The Christian Broadcasting Network's The 700 Club irresponsibly aired a photo that it said “allegedly shows what happened to a man after he stepped onto a broken CFL and his foot became infected with mercury poisoning.” But the photos, which have circulated online, are believed to be a hoax because the damage they show is unlikely to have come from the small amount of mercury present in energy-efficient compact florescent lamps (CFLs).
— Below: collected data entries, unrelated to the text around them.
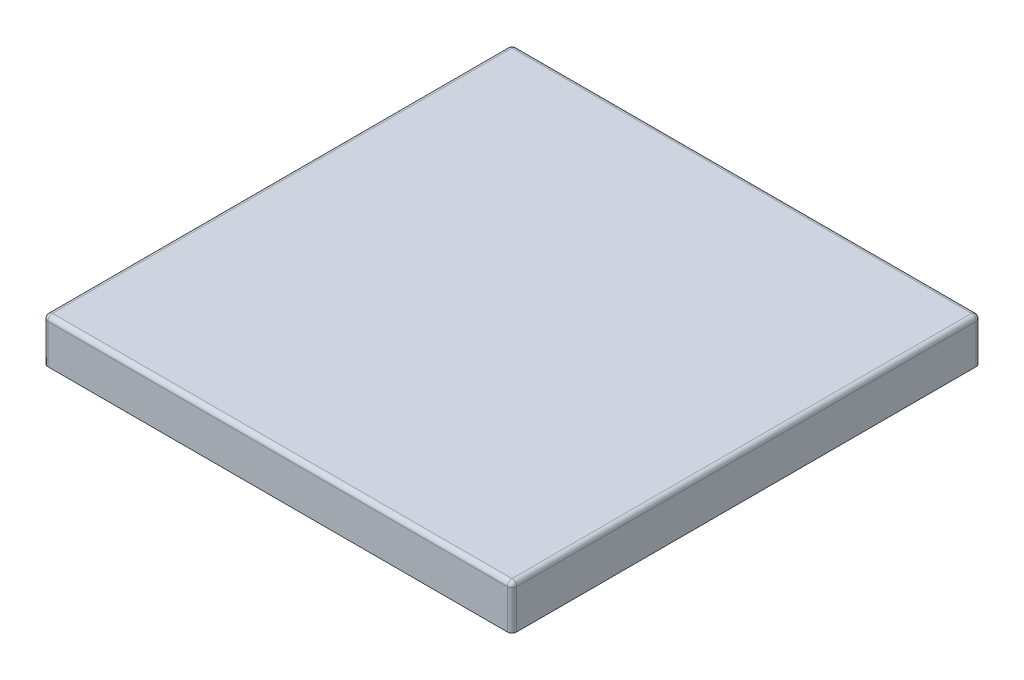
ISO-10303-21;
HEADER;
FILE_DESCRIPTION(('STEP AP214'),'2;1');
FILE_NAME('part.step','',(''),(''),'','','');
FILE_SCHEMA(('AUTOMOTIVE_DESIGN { 1 0 10303 214 1 1 1 1 }'));
ENDSEC;
DATA;
#1=APPLICATION_CONTEXT('core data for automotive mechanical design processes');
#2=APPLICATION_PROTOCOL_DEFINITION('international standard','automotive_design',2000,#1);
#3=PRODUCT_CONTEXT('',#1,'mechanical');
#4=PRODUCT('Part','Part','',(#3));
#5=PRODUCT_RELATED_PRODUCT_CATEGORY('part','',(#4));
#6=PRODUCT_DEFINITION_FORMATION('','',#4);
#7=PRODUCT_DEFINITION_CONTEXT('part definition',#1,'design');
#8=PRODUCT_DEFINITION('design','',#6,#7);
#9=PRODUCT_DEFINITION_SHAPE('','',#8);
#10=(LENGTH_UNIT() NAMED_UNIT(*) SI_UNIT(.MILLI.,.METRE.));
#11=(NAMED_UNIT(*) PLANE_ANGLE_UNIT() SI_UNIT($,.RADIAN.));
#12=(NAMED_UNIT(*) SI_UNIT($,.STERADIAN.) SOLID_ANGLE_UNIT());
#13=UNCERTAINTY_MEASURE_WITH_UNIT(LENGTH_MEASURE(1.E-05),#10,'distance_accuracy_value','');
#14=(GEOMETRIC_REPRESENTATION_CONTEXT(3) GLOBAL_UNCERTAINTY_ASSIGNED_CONTEXT((#13)) GLOBAL_UNIT_ASSIGNED_CONTEXT((#10,
#11,#12)) REPRESENTATION_CONTEXT('',''));
#15=CARTESIAN_POINT('',(0.,0.,0.));
#16=DIRECTION('',(0.,0.,1.));
#17=DIRECTION('',(1.,0.,0.));
#18=AXIS2_PLACEMENT_3D('',#15,#16,#17);
#19=CARTESIAN_POINT('',(-50.8,9.525,50.8));
#20=DIRECTION('',(1.,0.,0.));
#21=DIRECTION('',(0.,0.,-1.));
#22=AXIS2_PLACEMENT_3D('',#19,#20,#21);
#23=PLANE('',#22);
#24=DIRECTION('',(0.,0.,1.));
#25=VECTOR('',#24,1.);
#26=CARTESIAN_POINT('',(-50.8,0.,50.8));
#27=LINE('',#26,#25);
#28=CARTESIAN_POINT('',(-50.8,0.,-49.8));
#29=VERTEX_POINT('',#28);
#30=CARTESIAN_POINT('',(-50.8,0.,49.8));
#31=VERTEX_POINT('',#30);
#32=EDGE_CURVE('E223',#29,#31,#27,.T.);
#33=ORIENTED_EDGE('',*,*,#32,.T.);
#34=DIRECTION('',(0.,-1.,0.));
#35=VECTOR('',#34,1.);
#36=CARTESIAN_POINT('',(-50.8,9.525,49.8));
#37=LINE('',#36,#35);
#38=CARTESIAN_POINT('',(-50.8,8.525,49.8));
#39=VERTEX_POINT('',#38);
#40=EDGE_CURVE('E259',#31,#39,#37,.F.);
#41=ORIENTED_EDGE('',*,*,#40,.T.);
#42=DIRECTION('',(0.,0.,1.));
#43=VECTOR('',#42,1.);
#44=CARTESIAN_POINT('',(-50.8,8.525,-50.8));
#45=LINE('',#44,#43);
#46=CARTESIAN_POINT('',(-50.8,8.525,-49.8));
#47=VERTEX_POINT('',#46);
#48=EDGE_CURVE('E257',#39,#47,#45,.F.);
#49=ORIENTED_EDGE('',*,*,#48,.T.);
#50=DIRECTION('',(0.,-1.,0.));
#51=VECTOR('',#50,1.);
#52=CARTESIAN_POINT('',(-50.8,9.525,-49.8));
#53=LINE('',#52,#51);
#54=EDGE_CURVE('E255',#47,#29,#53,.T.);
#55=ORIENTED_EDGE('',*,*,#54,.T.);
#56=EDGE_LOOP('',(#33,#41,#49,#55));
#57=FACE_BOUND('',#56,.T.);
#58=ADVANCED_FACE('F49',(#57),#23,.F.);
#59=CARTESIAN_POINT('',(50.8,9.525,50.8));
#60=DIRECTION('',(0.,0.,-1.));
#61=DIRECTION('',(-1.,0.,0.));
#62=AXIS2_PLACEMENT_3D('',#59,#60,#61);
#63=PLANE('',#62);
#64=DIRECTION('',(1.,0.,0.));
#65=VECTOR('',#64,1.);
#66=CARTESIAN_POINT('',(50.8,0.,50.8));
#67=LINE('',#66,#65);
#68=CARTESIAN_POINT('',(-49.8,0.,50.8));
#69=VERTEX_POINT('',#68);
#70=CARTESIAN_POINT('',(49.8,0.,50.8));
#71=VERTEX_POINT('',#70);
#72=EDGE_CURVE('E226',#69,#71,#67,.T.);
#73=ORIENTED_EDGE('',*,*,#72,.T.);
#74=DIRECTION('',(0.,-1.,0.));
#75=VECTOR('',#74,1.);
#76=CARTESIAN_POINT('',(49.8,9.525,50.8));
#77=LINE('',#76,#75);
#78=CARTESIAN_POINT('',(49.8,8.525,50.8));
#79=VERTEX_POINT('',#78);
#80=EDGE_CURVE('E253',#71,#79,#77,.F.);
#81=ORIENTED_EDGE('',*,*,#80,.T.);
#82=DIRECTION('',(1.,0.,0.));
#83=VECTOR('',#82,1.);
#84=CARTESIAN_POINT('',(-50.8,8.525,50.8));
#85=LINE('',#84,#83);
#86=CARTESIAN_POINT('',(-49.8,8.525,50.8));
#87=VERTEX_POINT('',#86);
#88=EDGE_CURVE('E249',#79,#87,#85,.F.);
#89=ORIENTED_EDGE('',*,*,#88,.T.);
#90=DIRECTION('',(0.,-1.,0.));
#91=VECTOR('',#90,1.);
#92=CARTESIAN_POINT('',(-49.8,9.525,50.8));
#93=LINE('',#92,#91);
#94=EDGE_CURVE('E251',#87,#69,#93,.T.);
#95=ORIENTED_EDGE('',*,*,#94,.T.);
#96=EDGE_LOOP('',(#73,#81,#89,#95));
#97=FACE_BOUND('',#96,.T.);
#98=ADVANCED_FACE('F357',(#97),#63,.F.);
#99=CARTESIAN_POINT('',(50.8,9.525,50.8));
#100=DIRECTION('',(-1.,0.,0.));
#101=DIRECTION('',(0.,0.,1.));
#102=AXIS2_PLACEMENT_3D('',#99,#100,#101);
#103=PLANE('',#102);
#104=DIRECTION('',(0.,0.,-1.));
#105=VECTOR('',#104,1.);
#106=CARTESIAN_POINT('',(50.8,8.525,50.8));
#107=LINE('',#106,#105);
#108=CARTESIAN_POINT('',(50.8,8.525,-49.8));
#109=VERTEX_POINT('',#108);
#110=CARTESIAN_POINT('',(50.8,8.525,49.8));
#111=VERTEX_POINT('',#110);
#112=EDGE_CURVE('E234',#109,#111,#107,.F.);
#113=ORIENTED_EDGE('',*,*,#112,.T.);
#114=DIRECTION('',(0.,-1.,0.));
#115=VECTOR('',#114,1.);
#116=CARTESIAN_POINT('',(50.8,9.525,49.8));
#117=LINE('',#116,#115);
#118=CARTESIAN_POINT('',(50.8,0.,49.8));
#119=VERTEX_POINT('',#118);
#120=EDGE_CURVE('E238',#111,#119,#117,.T.);
#121=ORIENTED_EDGE('',*,*,#120,.T.);
#122=DIRECTION('',(0.,0.,-1.));
#123=VECTOR('',#122,1.);
#124=CARTESIAN_POINT('',(50.8,0.,50.8));
#125=LINE('',#124,#123);
#126=CARTESIAN_POINT('',(50.8,0.,-49.8));
#127=VERTEX_POINT('',#126);
#128=EDGE_CURVE('E229',#119,#127,#125,.T.);
#129=ORIENTED_EDGE('',*,*,#128,.T.);
#130=DIRECTION('',(0.,-1.,0.));
#131=VECTOR('',#130,1.);
#132=CARTESIAN_POINT('',(50.8,9.525,-49.8));
#133=LINE('',#132,#131);
#134=EDGE_CURVE('E236',#127,#109,#133,.F.);
#135=ORIENTED_EDGE('',*,*,#134,.T.);
#136=EDGE_LOOP('',(#113,#121,#129,#135));
#137=FACE_BOUND('',#136,.T.);
#138=ADVANCED_FACE('F349',(#137),#103,.F.);
#139=CARTESIAN_POINT('',(50.8,9.525,-50.8));
#140=DIRECTION('',(0.,0.,1.));
#141=DIRECTION('',(1.,0.,0.));
#142=AXIS2_PLACEMENT_3D('',#139,#140,#141);
#143=PLANE('',#142);
#144=DIRECTION('',(-1.,0.,0.));
#145=VECTOR('',#144,1.);
#146=CARTESIAN_POINT('',(50.8,0.,-50.8));
#147=LINE('',#146,#145);
#148=CARTESIAN_POINT('',(49.8,0.,-50.8));
#149=VERTEX_POINT('',#148);
#150=CARTESIAN_POINT('',(-49.8,0.,-50.8));
#151=VERTEX_POINT('',#150);
#152=EDGE_CURVE('E232',#149,#151,#147,.T.);
#153=ORIENTED_EDGE('',*,*,#152,.T.);
#154=DIRECTION('',(0.,-1.,0.));
#155=VECTOR('',#154,1.);
#156=CARTESIAN_POINT('',(-49.8,9.525,-50.8));
#157=LINE('',#156,#155);
#158=CARTESIAN_POINT('',(-49.8,8.525,-50.8));
#159=VERTEX_POINT('',#158);
#160=EDGE_CURVE('E13',#151,#159,#157,.F.);
#161=ORIENTED_EDGE('',*,*,#160,.T.);
#162=DIRECTION('',(-1.,0.,0.));
#163=VECTOR('',#162,1.);
#164=CARTESIAN_POINT('',(50.8,8.525,-50.8));
#165=LINE('',#164,#163);
#166=CARTESIAN_POINT('',(49.8,8.525,-50.8));
#167=VERTEX_POINT('',#166);
#168=EDGE_CURVE('E65',#159,#167,#165,.F.);
#169=ORIENTED_EDGE('',*,*,#168,.T.);
#170=DIRECTION('',(0.,-1.,0.));
#171=VECTOR('',#170,1.);
#172=CARTESIAN_POINT('',(49.8,9.525,-50.8));
#173=LINE('',#172,#171);
#174=EDGE_CURVE('E58',#167,#149,#173,.T.);
#175=ORIENTED_EDGE('',*,*,#174,.T.);
#176=EDGE_LOOP('',(#153,#161,#169,#175));
#177=FACE_BOUND('',#176,.T.);
#178=ADVANCED_FACE('F347',(#177),#143,.F.);
#179=CARTESIAN_POINT('',(0.,9.525,0.));
#180=DIRECTION('',(0.,1.,0.));
#181=DIRECTION('',(0.,0.,1.));
#182=AXIS2_PLACEMENT_3D('',#179,#180,#181);
#183=PLANE('',#182);
#184=DIRECTION('',(-1.,0.,0.));
#185=VECTOR('',#184,1.);
#186=CARTESIAN_POINT('',(-50.8,9.525,-49.8));
#187=LINE('',#186,#185);
#188=CARTESIAN_POINT('',(49.8,9.525,-49.8));
#189=VERTEX_POINT('',#188);
#190=CARTESIAN_POINT('',(-49.8,9.525,-49.8));
#191=VERTEX_POINT('',#190);
#192=EDGE_CURVE('E263',#189,#191,#187,.T.);
#193=ORIENTED_EDGE('',*,*,#192,.T.);
#194=DIRECTION('',(0.,0.,1.));
#195=VECTOR('',#194,1.);
#196=CARTESIAN_POINT('',(-49.8,9.525,50.8));
#197=LINE('',#196,#195);
#198=CARTESIAN_POINT('',(-49.8,9.525,49.8));
#199=VERTEX_POINT('',#198);
#200=EDGE_CURVE('E267',#191,#199,#197,.T.);
#201=ORIENTED_EDGE('',*,*,#200,.T.);
#202=DIRECTION('',(1.,0.,0.));
#203=VECTOR('',#202,1.);
#204=CARTESIAN_POINT('',(50.8,9.525,49.8));
#205=LINE('',#204,#203);
#206=CARTESIAN_POINT('',(49.8,9.525,49.8));
#207=VERTEX_POINT('',#206);
#208=EDGE_CURVE('E265',#199,#207,#205,.T.);
#209=ORIENTED_EDGE('',*,*,#208,.T.);
#210=DIRECTION('',(0.,0.,-1.));
#211=VECTOR('',#210,1.);
#212=CARTESIAN_POINT('',(49.8,9.525,-50.8));
#213=LINE('',#212,#211);
#214=EDGE_CURVE('E261',#207,#189,#213,.T.);
#215=ORIENTED_EDGE('',*,*,#214,.T.);
#216=EDGE_LOOP('',(#193,#201,#209,#215));
#217=FACE_BOUND('',#216,.T.);
#218=ADVANCED_FACE('F332',(#217),#183,.T.);
#219=CARTESIAN_POINT('',(0.,0.,0.));
#220=DIRECTION('',(0.,1.,0.));
#221=DIRECTION('',(0.,0.,1.));
#222=AXIS2_PLACEMENT_3D('',#219,#220,#221);
#223=PLANE('',#222);
#224=CARTESIAN_POINT('',(0.,0.,42.865));
#225=DIRECTION('',(0.,-1.,0.));
#226=DIRECTION('',(0.,0.,-1.));
#227=AXIS2_PLACEMENT_3D('',#224,#225,#226);
#228=CIRCLE('',#227,2.5527);
#229=CARTESIAN_POINT('',(0.,0.,40.3123));
#230=VERTEX_POINT('',#229);
#231=EDGE_CURVE('E165',#230,#230,#228,.T.);
#232=ORIENTED_EDGE('',*,*,#231,.F.);
#233=EDGE_LOOP('',(#232));
#234=FACE_BOUND('',#233,.T.);
#235=CARTESIAN_POINT('',(0.,0.,-42.865));
#236=DIRECTION('',(0.,-1.,0.));
#237=DIRECTION('',(0.,0.,-1.));
#238=AXIS2_PLACEMENT_3D('',#235,#236,#237);
#239=CIRCLE('',#238,2.5527);
#240=CARTESIAN_POINT('',(0.,0.,-45.4177));
#241=VERTEX_POINT('',#240);
#242=EDGE_CURVE('E164',#241,#241,#239,.T.);
#243=ORIENTED_EDGE('',*,*,#242,.F.);
#244=EDGE_LOOP('',(#243));
#245=FACE_BOUND('',#244,.T.);
#246=CARTESIAN_POINT('',(44.45,0.,44.45));
#247=DIRECTION('',(0.,-1.,0.));
#248=DIRECTION('',(0.,0.,-1.));
#249=AXIS2_PLACEMENT_3D('',#246,#247,#248);
#250=CIRCLE('',#249,1.35255);
#251=CARTESIAN_POINT('',(44.45,0.,43.09745));
#252=VERTEX_POINT('',#251);
#253=EDGE_CURVE('E175',#252,#252,#250,.T.);
#254=ORIENTED_EDGE('',*,*,#253,.F.);
#255=EDGE_LOOP('',(#254));
#256=FACE_BOUND('',#255,.T.);
#257=CARTESIAN_POINT('',(44.45,0.,-44.45));
#258=DIRECTION('',(0.,-1.,0.));
#259=DIRECTION('',(0.,0.,-1.));
#260=AXIS2_PLACEMENT_3D('',#257,#258,#259);
#261=CIRCLE('',#260,1.35255);
#262=CARTESIAN_POINT('',(44.45,0.,-45.80255));
#263=VERTEX_POINT('',#262);
#264=EDGE_CURVE('E181',#263,#263,#261,.T.);
#265=ORIENTED_EDGE('',*,*,#264,.F.);
#266=EDGE_LOOP('',(#265));
#267=FACE_BOUND('',#266,.T.);
#268=CARTESIAN_POINT('',(-44.45,0.,-44.45));
#269=DIRECTION('',(0.,-1.,0.));
#270=DIRECTION('',(0.,0.,-1.));
#271=AXIS2_PLACEMENT_3D('',#268,#269,#270);
#272=CIRCLE('',#271,1.35255);
#273=CARTESIAN_POINT('',(-44.45,0.,-45.80255));
#274=VERTEX_POINT('',#273);
#275=EDGE_CURVE('E187',#274,#274,#272,.T.);
#276=ORIENTED_EDGE('',*,*,#275,.F.);
#277=EDGE_LOOP('',(#276));
#278=FACE_BOUND('',#277,.T.);
#279=CARTESIAN_POINT('',(-44.45,0.,44.45));
#280=DIRECTION('',(0.,-1.,0.));
#281=DIRECTION('',(0.,0.,-1.));
#282=AXIS2_PLACEMENT_3D('',#279,#280,#281);
#283=CIRCLE('',#282,1.35255);
#284=CARTESIAN_POINT('',(-44.45,0.,43.09745));
#285=VERTEX_POINT('',#284);
#286=EDGE_CURVE('E193',#285,#285,#283,.T.);
#287=ORIENTED_EDGE('',*,*,#286,.F.);
#288=EDGE_LOOP('',(#287));
#289=FACE_BOUND('',#288,.T.);
#290=CARTESIAN_POINT('',(44.45,0.,28.575));
#291=DIRECTION('',(0.,-1.,0.));
#292=DIRECTION('',(0.,0.,-1.));
#293=AXIS2_PLACEMENT_3D('',#290,#291,#292);
#294=CIRCLE('',#293,1.35255);
#295=CARTESIAN_POINT('',(44.45,0.,27.22245));
#296=VERTEX_POINT('',#295);
#297=EDGE_CURVE('E199',#296,#296,#294,.T.);
#298=ORIENTED_EDGE('',*,*,#297,.F.);
#299=EDGE_LOOP('',(#298));
#300=FACE_BOUND('',#299,.T.);
#301=CARTESIAN_POINT('',(44.45,0.,-28.575));
#302=DIRECTION('',(0.,-1.,0.));
#303=DIRECTION('',(0.,0.,-1.));
#304=AXIS2_PLACEMENT_3D('',#301,#302,#303);
#305=CIRCLE('',#304,1.35255);
#306=CARTESIAN_POINT('',(44.45,0.,-29.92755));
#307=VERTEX_POINT('',#306);
#308=EDGE_CURVE('E205',#307,#307,#305,.T.);
#309=ORIENTED_EDGE('',*,*,#308,.F.);
#310=EDGE_LOOP('',(#309));
#311=FACE_BOUND('',#310,.T.);
#312=CARTESIAN_POINT('',(-44.45,0.,-28.575));
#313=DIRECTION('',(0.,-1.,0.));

The November 27 edition of Pat Robertson's The 700 Club aired graphic images of a foot that was “allegedly” injured from stepping on a broken CFL:
The images originally came from e-mails highlighting what appeared to be a flyer from Caterpillar equipment dealer WesTrac, but that Australian company said that it did not create the document. The images were later circulated in a Salisbury, MD, fire department newsletter, but according to the website Snopes -- which specializes in exposing online hoaxes - fire department officials later stated that they believe they were duped by an “Internet-falsehood”:
Although attempts were made to verify the validity of the information, initial Internet searches provided no compelling evidence to dispute the information. We now believe that the information we used as the basis for our April 2012 Newsletter was an Internet-falsehood which started circulating numerous years ago and had an ulterior motive and purpose.
Yet The 700 Club took seriously the claim that someone stepped (apparently barefoot) on the broken remains of a CFL in such a way that the top half of their foot was demolished (see further graphic photos here). Snopes and the Global Lighting Association state that the injury appears to be more consistent with a bacterial infection than damage associated with the small amount of mercury contained in CFLs. While co-hosts Pat Robertson and Kristi Watts suggested you would need to “evacuate” and get a “hazmat crew” if you broke a CFL, broken bulbs can be easily cleaned up by homeowners and do not pose an inordinate risk, according to a Yahoo! News report on research from the Lawrence Berkeley National Laboratory:
If you do a common sense job of cleaning up (open the windows, clean up, and remove the debris), then your mercury exposure would be the equivalent of taking a tiny nibble of tuna, according to Francis Rubinstein, a staff scientist at Berkeley Lab. What if you did the worst job possible, say closed all the doors and smashed the bulb with a hammer? It's still no big deal, says Rubinstein, who points out that it would be the equivalent of eating one can of tuna.
If The 700 Club could not verify the images, it should not have aired them -- and it certainly should not have used them in yet another faulty attempt to rail against the “light bulb socialism” of energy efficiency standards, which were enacted under the Bush administration.